TASK OBJECTIVE: Unless it is a picture, every line from the start of the entries through the line with "unnamed: R14.P$1 (1), R15.P$2 (2), U$18.P$1" must be retyped exactly.

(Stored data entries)
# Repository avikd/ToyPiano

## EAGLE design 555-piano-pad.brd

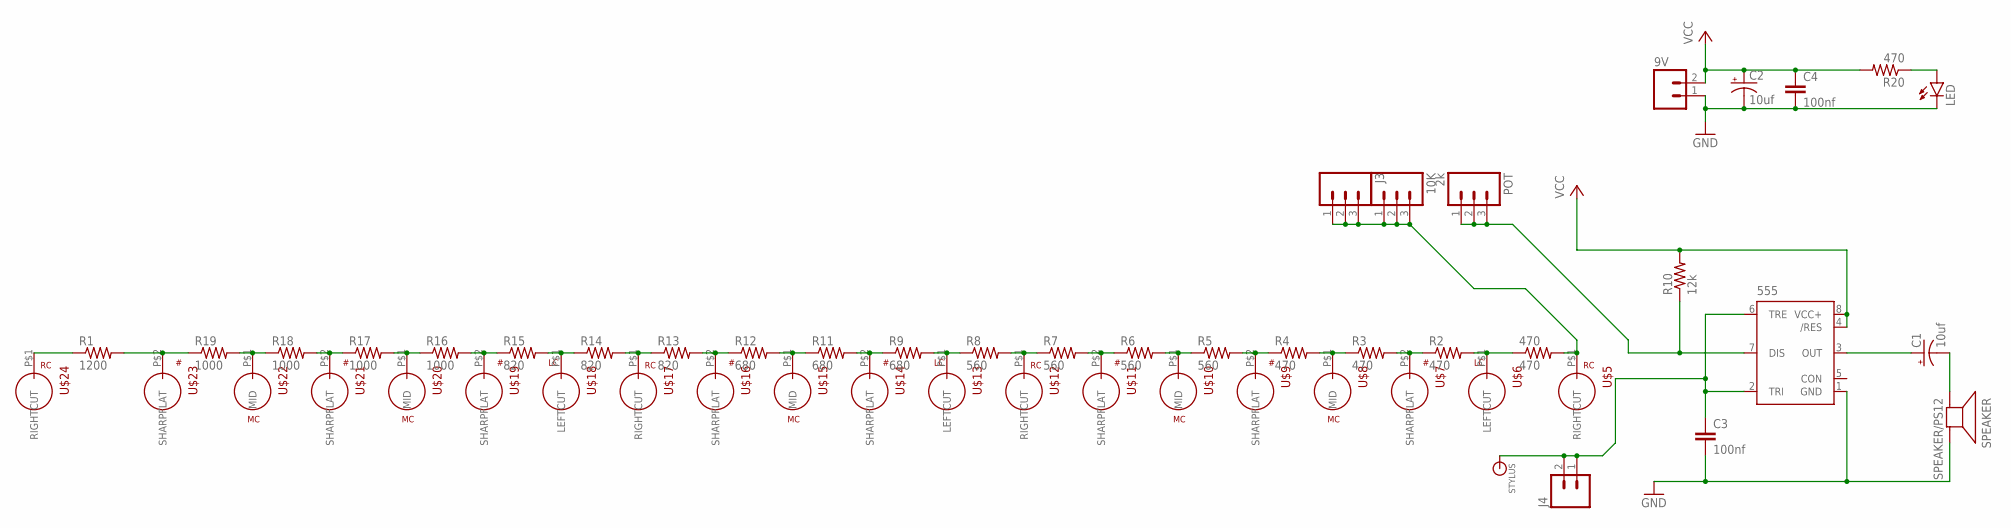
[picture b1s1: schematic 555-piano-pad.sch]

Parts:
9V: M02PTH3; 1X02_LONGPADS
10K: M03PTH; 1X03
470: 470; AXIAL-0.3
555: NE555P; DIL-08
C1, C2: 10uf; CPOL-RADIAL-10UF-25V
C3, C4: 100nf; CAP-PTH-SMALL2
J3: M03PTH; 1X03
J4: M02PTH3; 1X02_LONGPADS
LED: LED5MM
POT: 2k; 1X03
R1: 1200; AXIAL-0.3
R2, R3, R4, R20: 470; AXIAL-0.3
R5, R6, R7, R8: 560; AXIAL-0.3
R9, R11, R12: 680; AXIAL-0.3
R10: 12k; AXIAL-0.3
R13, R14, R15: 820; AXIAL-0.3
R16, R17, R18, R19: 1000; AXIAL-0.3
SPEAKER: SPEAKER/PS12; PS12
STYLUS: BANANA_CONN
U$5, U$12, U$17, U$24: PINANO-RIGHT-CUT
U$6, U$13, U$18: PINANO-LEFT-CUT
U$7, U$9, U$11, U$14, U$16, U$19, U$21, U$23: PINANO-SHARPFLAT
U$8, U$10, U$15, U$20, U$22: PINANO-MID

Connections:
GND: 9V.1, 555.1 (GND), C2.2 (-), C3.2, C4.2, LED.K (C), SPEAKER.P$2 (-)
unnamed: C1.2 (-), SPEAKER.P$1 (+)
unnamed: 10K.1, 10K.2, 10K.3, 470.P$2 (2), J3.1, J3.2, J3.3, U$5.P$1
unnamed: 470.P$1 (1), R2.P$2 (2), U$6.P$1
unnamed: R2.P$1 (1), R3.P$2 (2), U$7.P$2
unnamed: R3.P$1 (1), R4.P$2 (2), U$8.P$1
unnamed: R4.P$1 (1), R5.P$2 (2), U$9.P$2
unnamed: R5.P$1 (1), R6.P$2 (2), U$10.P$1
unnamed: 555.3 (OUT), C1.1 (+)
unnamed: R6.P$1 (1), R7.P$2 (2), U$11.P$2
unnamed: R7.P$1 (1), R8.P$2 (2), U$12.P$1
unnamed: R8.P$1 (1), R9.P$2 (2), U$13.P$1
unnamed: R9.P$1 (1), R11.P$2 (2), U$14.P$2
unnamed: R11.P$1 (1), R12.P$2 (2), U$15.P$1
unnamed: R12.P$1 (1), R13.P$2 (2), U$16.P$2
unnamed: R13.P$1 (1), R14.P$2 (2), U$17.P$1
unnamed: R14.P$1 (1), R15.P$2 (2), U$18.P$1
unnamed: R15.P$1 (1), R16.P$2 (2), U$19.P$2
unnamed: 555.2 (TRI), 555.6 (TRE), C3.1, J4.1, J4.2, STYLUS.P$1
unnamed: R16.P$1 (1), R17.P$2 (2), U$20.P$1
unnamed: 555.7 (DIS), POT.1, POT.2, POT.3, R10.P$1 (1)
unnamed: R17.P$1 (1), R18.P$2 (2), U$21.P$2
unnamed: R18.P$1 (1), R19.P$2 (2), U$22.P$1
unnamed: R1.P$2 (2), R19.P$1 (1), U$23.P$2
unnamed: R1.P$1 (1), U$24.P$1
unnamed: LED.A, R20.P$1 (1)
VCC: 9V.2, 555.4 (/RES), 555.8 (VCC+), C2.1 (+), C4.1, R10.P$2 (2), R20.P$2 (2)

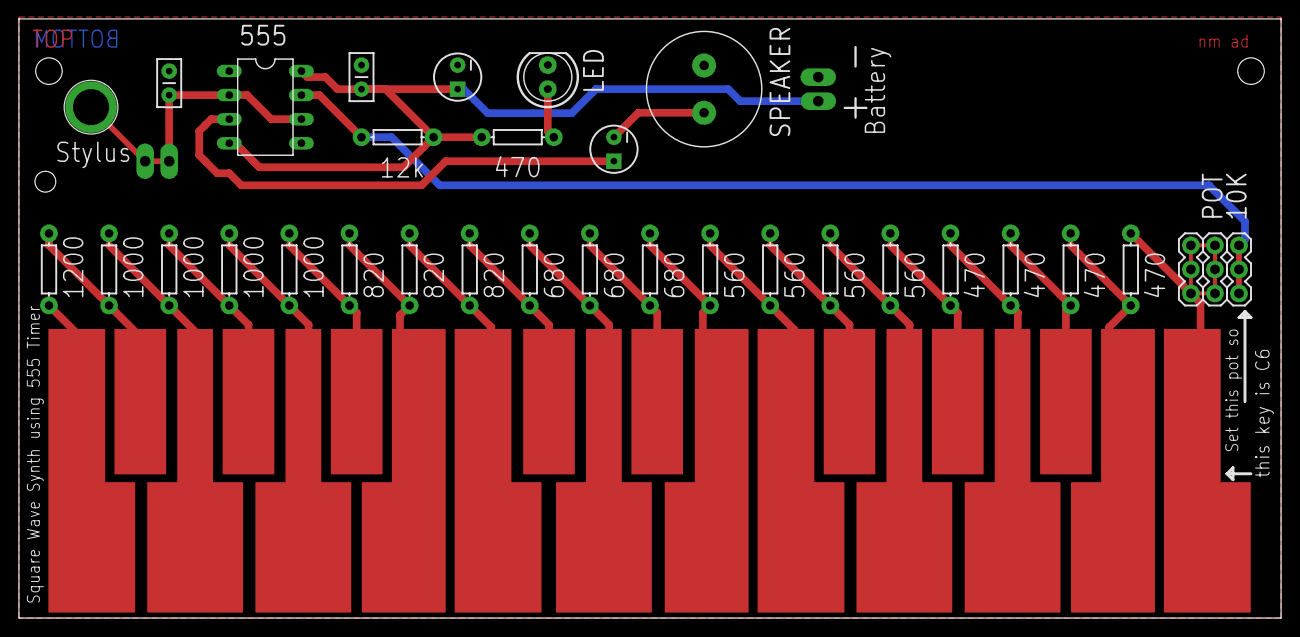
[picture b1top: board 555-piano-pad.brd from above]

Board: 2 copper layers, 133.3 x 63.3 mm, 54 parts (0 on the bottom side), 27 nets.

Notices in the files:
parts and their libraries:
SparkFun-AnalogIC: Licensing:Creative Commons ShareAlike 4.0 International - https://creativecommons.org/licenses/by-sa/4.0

TASK RESULT:
# Repository avikd/ToyPiano

## EAGLE design 555-piano-pad.brd

[picture b1s1: schematic 555-piano-pad.sch]

Parts:
9V: M02PTH3; 1X02_LONGPADS
10K: M03PTH; 1X03
470: 470; AXIAL-0.3
555: NE555P; DIL-08
C1, C2: 10uf; CPOL-RADIAL-10UF-25V
C3, C4: 100nf; CAP-PTH-SMALL2
J3: M03PTH; 1X03
J4: M02PTH3; 1X02_LONGPADS
LED: LED5MM
POT: 2k; 1X03
R1: 1200; AXIAL-0.3
R2, R3, R4, R20: 470; AXIAL-0.3
R5, R6, R7, R8: 560; AXIAL-0.3
R9, R11, R12: 680; AXIAL-0.3
R10: 12k; AXIAL-0.3
R13, R14, R15: 820; AXIAL-0.3
R16, R17, R18, R19: 1000; AXIAL-0.3
SPEAKER: SPEAKER/PS12; PS12
STYLUS: BANANA_CONN
U$5, U$12, U$17, U$24: PINANO-RIGHT-CUT
U$6, U$13, U$18: PINANO-LEFT-CUT
U$7, U$9, U$11, U$14, U$16, U$19, U$21, U$23: PINANO-SHARPFLAT
U$8, U$10, U$15, U$20, U$22: PINANO-MID

Connections:
GND: 9V.1, 555.1 (GND), C2.2 (-), C3.2, C4.2, LED.K (C), SPEAKER.P$2 (-)
unnamed: C1.2 (-), SPEAKER.P$1 (+)
unnamed: 10K.1, 10K.2, 10K.3, 470.P$2 (2), J3.1, J3.2, J3.3, U$5.P$1
unnamed: 470.P$1 (1), R2.P$2 (2), U$6.P$1
unnamed: R2.P$1 (1), R3.P$2 (2), U$7.P$2
unnamed: R3.P$1 (1), R4.P$2 (2), U$8.P$1
unnamed: R4.P$1 (1), R5.P$2 (2), U$9.P$2
unnamed: R5.P$1 (1), R6.P$2 (2), U$10.P$1
unnamed: 555.3 (OUT), C1.1 (+)
unnamed: R6.P$1 (1), R7.P$2 (2), U$11.P$2
unnamed: R7.P$1 (1), R8.P$2 (2), U$12.P$1
unnamed: R8.P$1 (1), R9.P$2 (2), U$13.P$1
unnamed: R9.P$1 (1), R11.P$2 (2), U$14.P$2
unnamed: R11.P$1 (1), R12.P$2 (2), U$15.P$1
unnamed: R12.P$1 (1), R13.P$2 (2), U$16.P$2
unnamed: R13.P$1 (1), R14.P$2 (2), U$17.P$1
unnamed: R14.P$1 (1), R15.P$2 (2), U$18.P$1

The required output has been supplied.